KPR worked well for 4e.  Have you considered that it may not work well for 5e?  Have you considered that there's far fewer standardized assumptions in 5e than there were in 4e.

Typically where I diverged from a 4e Damage Kings style thread was done for considered reasons.

Damage Calculation for multiple attacks over a round and limited use per attack abilities gets really complicated.  I'm not sure that a guide could adequately explain that.  I suppose crits could be explained but I figure that someone interested in this kind of thread will either know or ask how to calculate something they don't know how to.


----------



## borg286 (May 19, 2020)

FrogReaver said:


> I guess the most important factor for me was that Damage Now > Damage later.  Damage on round 1 is worth more (in general) than damage on round 2 because if you do the damage now then the enemy has a greater chance of already being dead and thus not getting it's round 1 action.  In short, I don't think it's the fairest comparison to compare damage on round 1 directly to damage on round 2.
> 
> If I was going to do that comparison I would look at total damage dealt in an adventuring day - which would still have the damage now vs damage later issue.  In fact in addition to that it would then need to be defined what a standard adventuring day actually is in 5e.  What happens when you do that is you get something that's nearly meaningless for many players.

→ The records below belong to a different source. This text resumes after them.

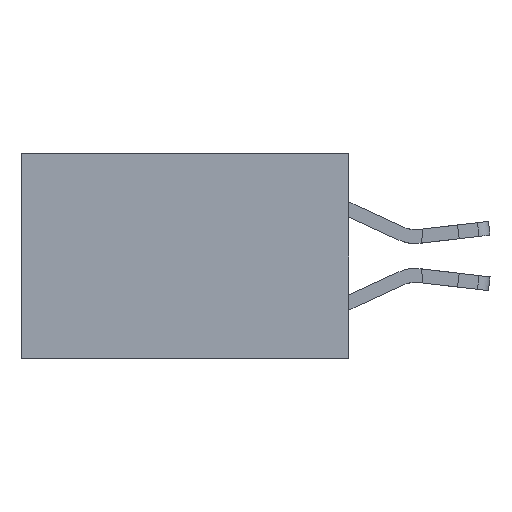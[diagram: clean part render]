
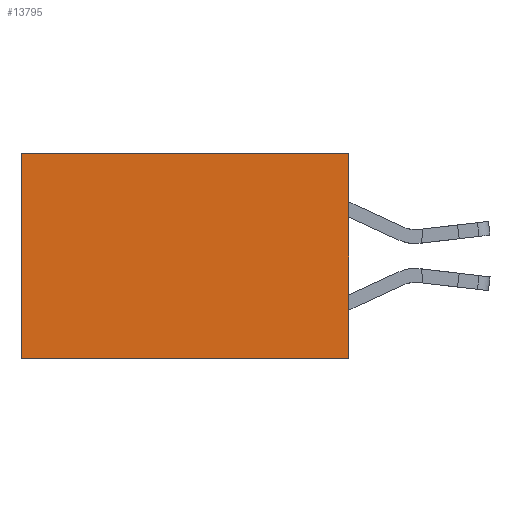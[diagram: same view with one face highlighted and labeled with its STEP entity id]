
A CAD part, left-side view. The second image highlights one B-rep face of the part: STEP entity #13795.
In plain terms, the highlighted planar face has unit normal (-1, 0, 0).
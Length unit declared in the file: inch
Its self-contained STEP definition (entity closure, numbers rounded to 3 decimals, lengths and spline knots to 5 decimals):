
#265 = VERTEX_POINT ( 'NONE', #24514 ) ;
#458 = EDGE_LOOP ( 'NONE', ( #23259, #2891, #17977, #1910 ) ) ;
#1259 = EDGE_CURVE ( 'NONE', #5300, #4716, #18731, .T. ) ;
#1910 = ORIENTED_EDGE ( 'NONE', *, *, #1259, .T. ) ;
#2891 = ORIENTED_EDGE ( 'NONE', *, *, #7565, .F. ) ;
#4506 = CARTESIAN_POINT ( 'NONE',  ( 0.277, 0.59, -0.37 ) ) ;
#4716 = VERTEX_POINT ( 'NONE', #19998 ) ;
#5300 = VERTEX_POINT ( 'NONE', #10898 ) ;
#6382 = CARTESIAN_POINT ( 'NONE',  ( 0.277, 0., -0.37 ) ) ;
#7565 = EDGE_CURVE ( 'NONE', #265, #22532, #15804, .T. ) ;
#9560 = DIRECTION ( 'NONE',  ( 0., 1., 0. ) ) ;
#9766 = VECTOR ( 'NONE', #9560, 39.37008 ) ;
#10235 = PLANE ( 'NONE',  #24799 ) ;
#10666 = EDGE_CURVE ( 'NONE', #5300, #265, #17838, .T. ) ;
#10722 = VECTOR ( 'NONE', #21436, 39.37008 ) ;
#10898 = CARTESIAN_POINT ( 'NONE',  ( 0.277, 0., 0. ) ) ;
#11140 = CARTESIAN_POINT ( 'NONE',  ( 0.277, 0., 0. ) ) ;
#11305 = EDGE_CURVE ( 'NONE', #4716, #22532, #23494, .T. ) ;
#11394 = CARTESIAN_POINT ( 'NONE',  ( 0.277, 0.59, -0.37 ) ) ;
#12135 = DIRECTION ( 'NONE',  ( 0., 0., -1. ) ) ;
#13795 = ADVANCED_FACE ( 'NONE', ( #16814 ), #10235, .F. ) ;
#13825 = CARTESIAN_POINT ( 'NONE',  ( 0.277, 0., -0.37 ) ) ;
#15804 = LINE ( 'NONE', #20473, #10722 ) ;
#15977 = DIRECTION ( 'NONE',  ( 0., 0., -1. ) ) ;
#16814 = FACE_OUTER_BOUND ( 'NONE', #458, .T. ) ;
#17225 = VECTOR ( 'NONE', #19576, 39.37008 ) ;
#17838 = LINE ( 'NONE', #13825, #17225 ) ;
#17977 = ORIENTED_EDGE ( 'NONE', *, *, #10666, .F. ) ;
#18445 = VECTOR ( 'NONE', #15977, 39.37008 ) ;
#18731 = LINE ( 'NONE', #11140, #9766 ) ;
#19576 = DIRECTION ( 'NONE',  ( 0., 0., -1. ) ) ;
#19998 = CARTESIAN_POINT ( 'NONE',  ( 0.277, 0.59, 0. ) ) ;
#20473 = CARTESIAN_POINT ( 'NONE',  ( 0.277, 0., -0.37 ) ) ;
#21436 = DIRECTION ( 'NONE',  ( 0., 1., 0. ) ) ;
#22532 = VERTEX_POINT ( 'NONE', #11394 ) ;
#23259 = ORIENTED_EDGE ( 'NONE', *, *, #11305, .T. ) ;
#23494 = LINE ( 'NONE', #4506, #18445 ) ;
#23557 = DIRECTION ( 'NONE',  ( 1., 0., 0. ) ) ;
#24514 = CARTESIAN_POINT ( 'NONE',  ( 0.277, 0., -0.37 ) ) ;
#24799 = AXIS2_PLACEMENT_3D ( 'NONE', #6382, #23557, #12135 ) ;

I agree that Damage Now > Damage later, but having no arena for the rest of the day's attacks closes you and followers of this thread from these "many players"  Just as players that have 8 encounters per day with 3 short rests may be in a minority due to the large variation from table to table, this equally extends to 1 encounter days.  The thing you have going for you is that everybody has a first round of the day with varying degrees of risk on the character's health.  This may well be the largest minority you can safely determine standards for. On the other hand there have been plenty of threads polling people for the number of rounds they have. Have you considered extending the time limits to be the average from that poll?  Candidates would need to provide what they do for the remaining rounds. You would then have 2 lists: round 1 kings, and 5 round average kings.  I'd wager to say that you'll get quite different orderings.  This increases tedium for you and authors of builds, but provides readers with information that is more applicable to them.




FrogReaver said:


> I tend to guide toward that goal that but not strictly enforce the suggestion except for extreme outliers.  I'm curious what builds you view as 1 trick ponies?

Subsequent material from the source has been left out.